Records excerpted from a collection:
╭──

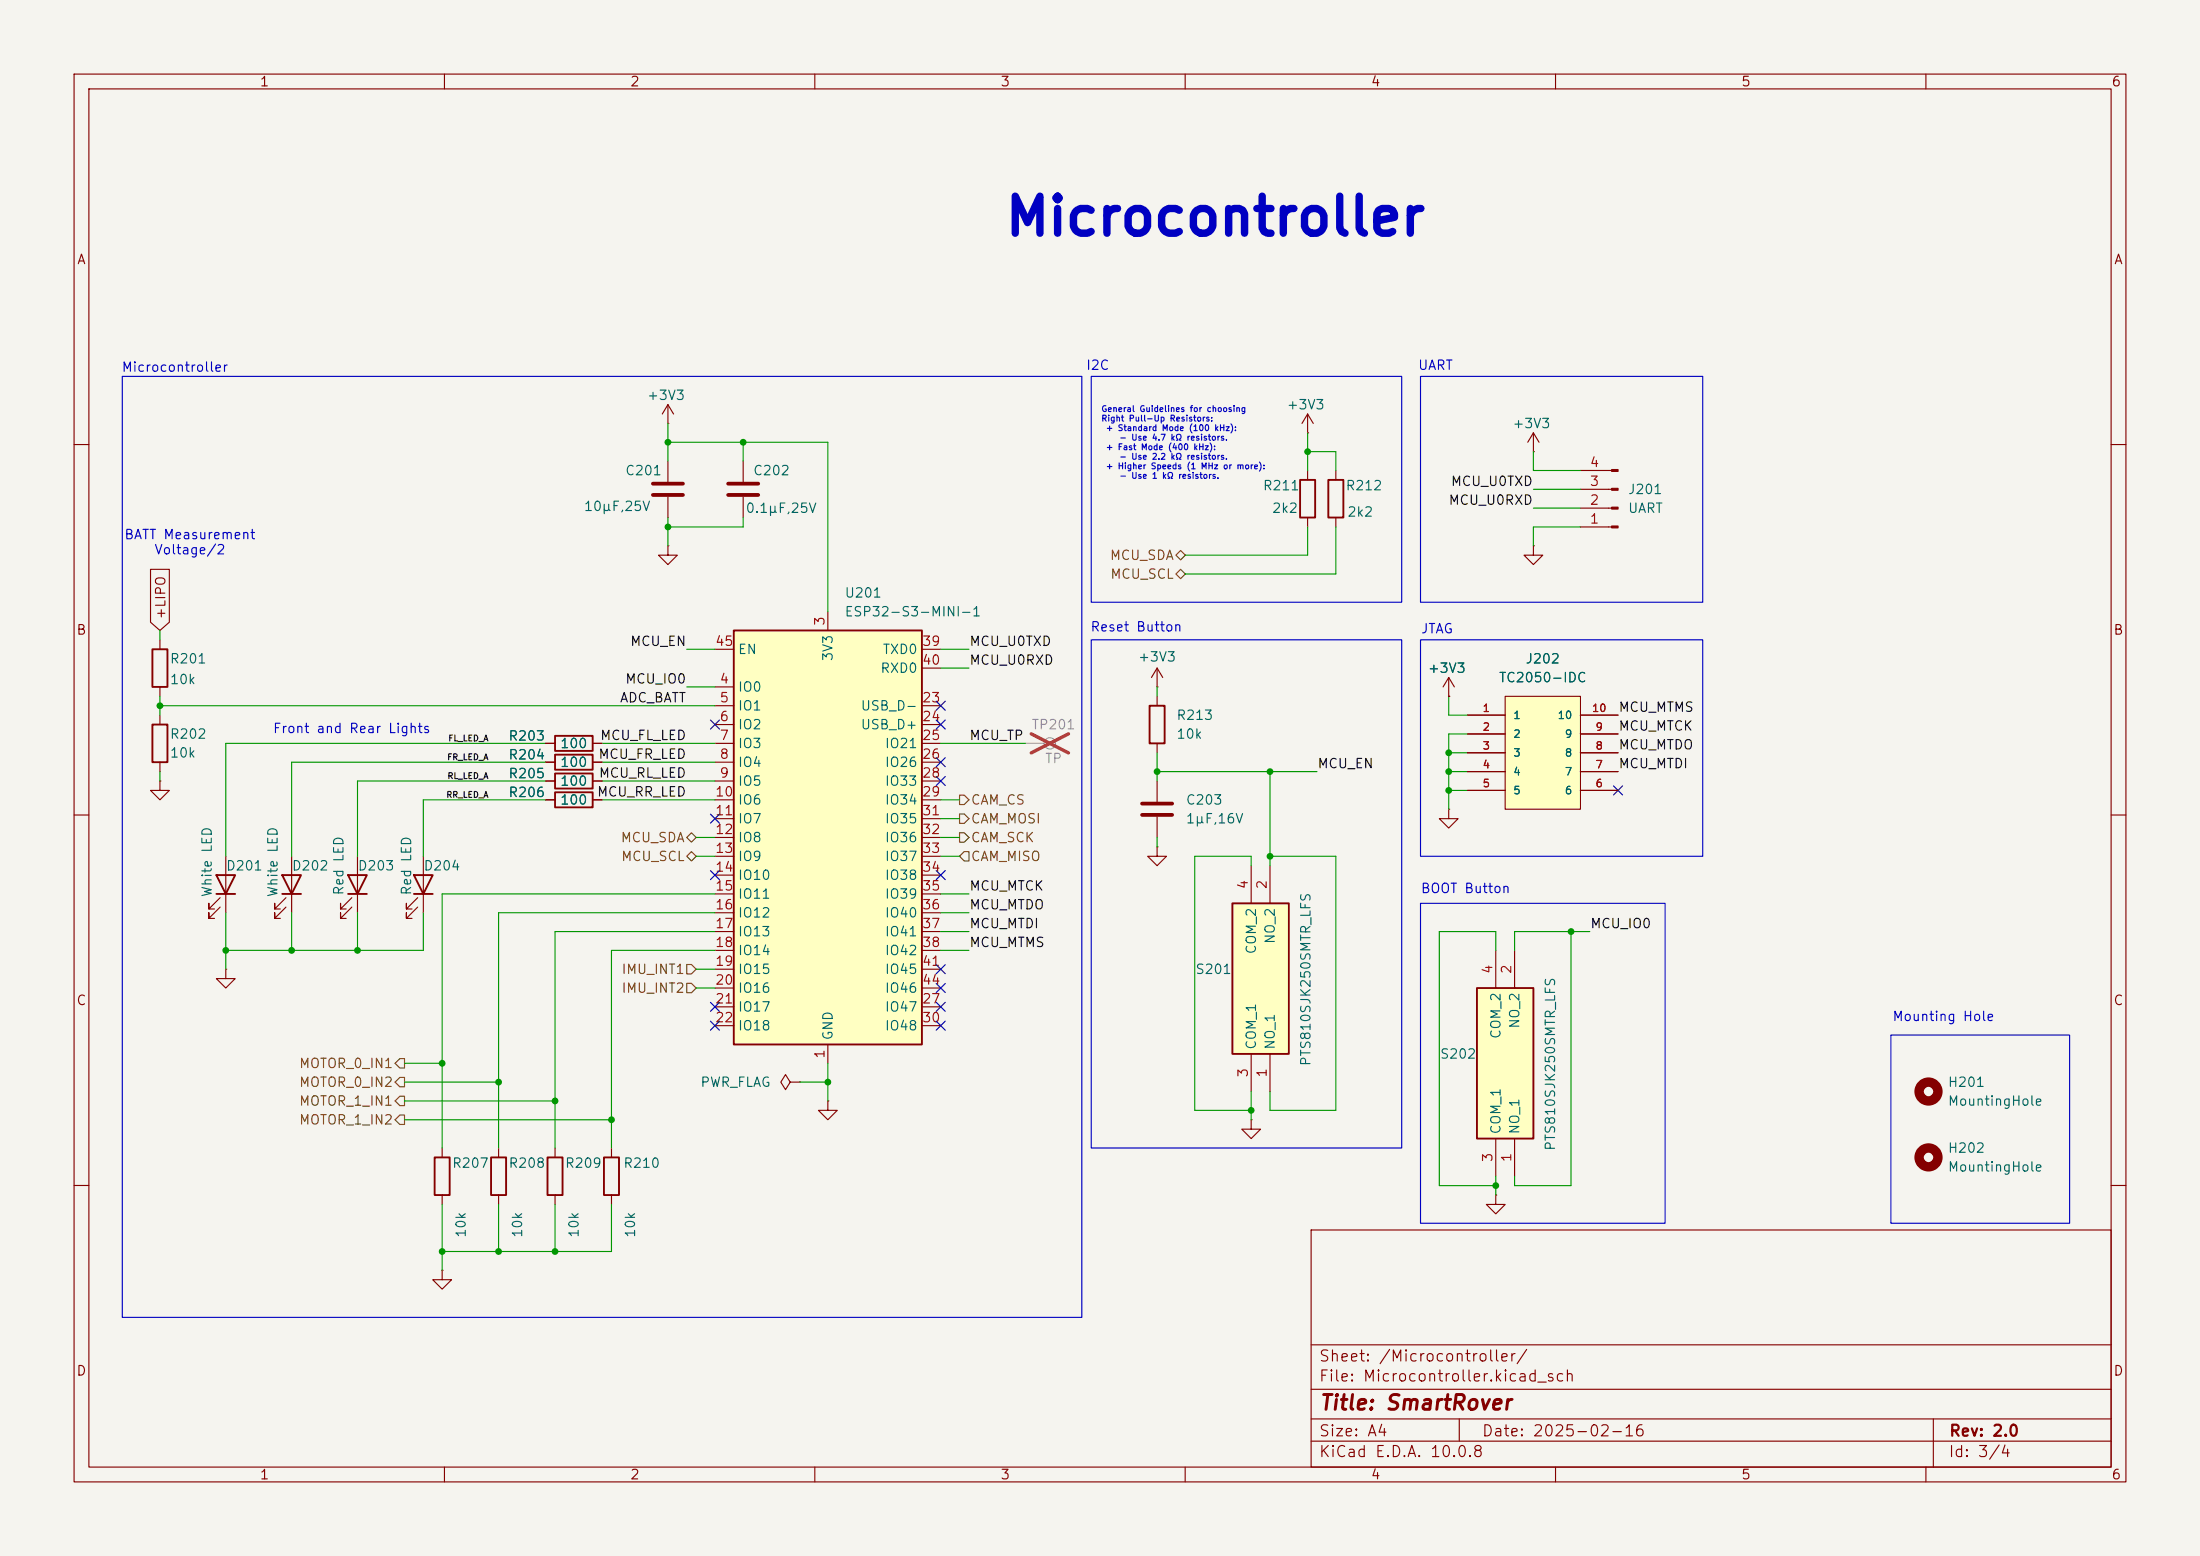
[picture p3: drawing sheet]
<svg xmlns="http://www.w3.org/2000/svg" width="297mm" height="210mm" viewBox="0 0 297 210" stroke-linecap="round" stroke-linejoin="round" font-family="sans-serif">
<path d="M0 0h297v210h-297z" fill="#f5f4ef" stroke="#f5f4ef" stroke-width=".14"/>
<g fill="none" stroke="#840000" stroke-width=".15">
<path d="M10 10h277v190h-277zM12 12h273v186h-273zM60 10v2M110 10v2M160 10v2M210 10v2M260 10v2M90.2 57.2h.1M90.2 54.6v2.6M90.2 54.6l-.8 1.3M90.2 54.6l.7 1.3M176.5 58.4h.1"/>
<path d="M176.5 55.9l-.7 1.3M176.5 55.9l.8 1.3M176.5 55.9v2.5M207 58.4l-.8 1.3M207 58.4l.8 1.3M207 58.4v2.6M10 60h2M90.2 73.7v1.2h1.2l-1.2 1.3-1.3-1.3h1.3M90.2 73.7h.1M90.2 62.2v2.8M90.2 67.1v2.8M100.3 62.2v2.8"/>
<path d="M100.3 67.1v2.8M176.5 63.5v1.3M176.5 69.9v1.2M180.3 63.5v1.3M180.3 69.9v1.2M207 61h.1M207 73.7v1.2h1.3l-1.3 1.3-1.3-1.3h1.3M207 73.7h.1M213.4 71.1h4.2M213.4 68.6h4.2M213.4 66h4.2M213.4 63.5h4.2"/>
<path d="M285 60h2M10 110h2M48.3 115.6v7.6M73.7 105.4h1.2M73.7 102.9h1.2M80 105.4h1.3M80 102.9h1.3M285 110h2M47.5 122.4l-1.5 1.6v-.8v.8h.7M47.5 121.2l-1.5 1.5v-.8v.8h.7M59.7 154.9v1.3M67.3 154.9v1.3"/>
<path d="M74.9 154.9v1.3M82.5 154.9v1.3M10 160h2M59.7 161.3v1.3M67.3 161.3v1.3M74.9 161.3v1.3M82.5 161.3v1.3M177 166h108v32h-108zM285 160h2M60 198v2M110 198v2M160 198v2"/>
<path d="M177 194.5h108M177 191.5h108M177 187.5h108M177 181.5h108M197 191.5v3M210 198v2M260 198v2M261 191.5v6.5"/>
</g>
<path d="M175.5 64.8h2v5.1h-2zM179.3 64.8h2.1v5.1h-2.1zM47 118.1h2.5l-1.2 2.6zM74.9 104.4h5.1v2h-5.1zM74.9 101.9h5.1v2h-5.1zM47 120.7h2.5M58.7 156.2h2v5.1h-2zM66.3 156.2h2v5.1h-2zM73.9 156.2h2v5.1h-2zM81.5 156.2h2.1v5.1h-2.1z" fill="none" stroke="#840000" stroke-width=".25"/>
<circle cx="260.4" cy="147.3" r="1.27" fill="none" stroke="#840000" stroke-width="1.3"/>
<path d="M88.1 65.3h4.1M88.1 66.8h4.1M98.3 65.3h4.1M98.3 66.8h4.1" fill="none" stroke="#840000" stroke-width=".51"/>
<g fill="#840000" stroke="#840000" stroke-width=".15">
<path d="M217.6 71h.8v.2h-.8z"/>
<path d="M217.6 68.5h.8v.2h-.8z"/>
<path d="M217.6 65.9h.8v.3h-.8z"/>
<path d="M217.6 63.4h.8v.2h-.8z"/>
</g>
<path d="M99.1 85.1h25.4v55.9h-25.4z" fill="#ffffc2"/>
<path d="M20.6 87.6h2v5.1h-2zM20.6 97.8h2v5.1h-2zM74.9 99.3h5.1v2h-5.1zM99.1 85.1h25.4v55.9h-25.4zM155.2 95.3h2v5h-2zM29.2 118.1h2.5l-1.2 2.6zM38.1 118.1h2.5l-1.2 2.6zM55.9 118.1h2.5l-1.3 2.6zM74.9 106.9h5.1v2.1h-5.1zM29.2 120.7h2.5M38.1 120.7h2.5M55.9 120.7h2.5" fill="none" stroke="#840000" stroke-width=".25"/>
<g fill="none" stroke="#840000" stroke-width=".15">
<path d="M21.6 86.4v1.2M21.6 92.7v1.3M21.6 96.5v1.3M96.5 92.7h2.6M96.5 95.3h2.6M96.5 97.8h2.6M96.5 87.6h2.6M111.8 82.6v2.5M124.5 95.3h2.5M124.5 97.8h2.5M124.5 87.6h2.5M124.5 90.2h2.5"/>
<path d="M156.2 92.7h.1M156.2 90.2v2.5M156.2 94v1.3M156.2 90.2l-.8 1.2M156.2 90.2l.8 1.2M21.6 105.4v1.3h1.3l-1.3 1.3-1.3-1.3h1.3M21.6 105.4h.1M21.6 102.9v1.2M30.5 115.6v7.6M39.4 115.6v7.6M57.1 115.6v7.6M73.7 100.3h1.2"/>
<path d="M73.7 108h1.2M80 100.3h1.3M80 108h1.3M96.5 100.3h2.6M96.5 102.9h2.6M96.5 105.4h2.6M96.5 108h2.6M96.5 110.5h2.6M96.5 113h2.6M96.5 115.6h2.6M96.5 118.1h2.6M124.5 100.3h2.5"/>
<path d="M124.5 102.9h2.5M124.5 105.4h2.5M124.5 108h2.5M124.5 110.5h2.5M124.5 113h2.5M124.5 115.6h2.5M124.5 118.1h2.5M156.2 114.3v1.3h1.3l-1.3 1.2-1.3-1.2h1.3M156.2 114.3h.1M156.2 100.3v1.3M156.2 105.4v2.8M156.2 110.2v2.8"/>
<path d="M29.7 122.4l-1.5 1.6v-.8v.8h.8M29.7 121.2l-1.5 1.5v-.8v.8h.8M30.5 130.8v1.3h1.2l-1.2 1.3-1.3-1.3h1.3M30.5 130.8h.1M38.6 122.4l-1.5 1.6v-.8v.8h.7M38.6 121.2l-1.5 1.5v-.8v.8h.7M56.4 122.4l-1.5 1.6v-.8v.8h.7M56.4 121.2l-1.5 1.5v-.8v.8h.7M96.5 120.7h2.6M96.5 123.2h2.6M96.5 125.7h2.6M96.5 128.3h2.6"/>
<path d="M96.5 130.8h2.6M96.5 133.4h2.6M96.5 135.9h2.6M96.5 138.4h2.6M124.5 120.7h2.5M124.5 123.2h2.5M124.5 125.7h2.5M124.5 128.3h2.5M124.5 130.8h2.5M124.5 133.4h2.5M124.5 135.9h2.5M124.5 138.4h2.5"/>
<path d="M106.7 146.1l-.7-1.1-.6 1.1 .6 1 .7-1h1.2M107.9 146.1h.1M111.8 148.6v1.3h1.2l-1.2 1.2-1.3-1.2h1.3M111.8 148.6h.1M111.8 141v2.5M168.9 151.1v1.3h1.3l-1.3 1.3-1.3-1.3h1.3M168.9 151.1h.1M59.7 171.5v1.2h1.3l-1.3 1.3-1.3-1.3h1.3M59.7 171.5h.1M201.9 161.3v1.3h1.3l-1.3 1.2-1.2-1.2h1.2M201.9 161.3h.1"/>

╰──

• [Task details]:
Take the line that contains "122.4l-1.5 1.6v-.8v.8h.8M29.7 121.2l-1.5" and every line after it to the end of the entries above, and reproduce them exactly.

• [Expected output]:
<path d="M29.7 122.4l-1.5 1.6v-.8v.8h.8M29.7 121.2l-1.5 1.5v-.8v.8h.8M30.5 130.8v1.3h1.2l-1.2 1.3-1.3-1.3h1.3M30.5 130.8h.1M38.6 122.4l-1.5 1.6v-.8v.8h.7M38.6 121.2l-1.5 1.5v-.8v.8h.7M56.4 122.4l-1.5 1.6v-.8v.8h.7M56.4 121.2l-1.5 1.5v-.8v.8h.7M96.5 120.7h2.6M96.5 123.2h2.6M96.5 125.7h2.6M96.5 128.3h2.6"/>
<path d="M96.5 130.8h2.6M96.5 133.4h2.6M96.5 135.9h2.6M96.5 138.4h2.6M124.5 120.7h2.5M124.5 123.2h2.5M124.5 125.7h2.5M124.5 128.3h2.5M124.5 130.8h2.5M124.5 133.4h2.5M124.5 135.9h2.5M124.5 138.4h2.5"/>
<path d="M106.7 146.1l-.7-1.1-.6 1.1 .6 1 .7-1h1.2M107.9 146.1h.1M111.8 148.6v1.3h1.2l-1.2 1.2-1.3-1.2h1.3M111.8 148.6h.1M111.8 141v2.5M168.9 151.1v1.3h1.3l-1.3 1.3-1.3-1.3h1.3M168.9 151.1h.1M59.7 171.5v1.2h1.3l-1.3 1.3-1.3-1.3h1.3M59.7 171.5h.1M201.9 161.3v1.3h1.3l-1.3 1.2-1.2-1.2h1.2M201.9 161.3h.1"/>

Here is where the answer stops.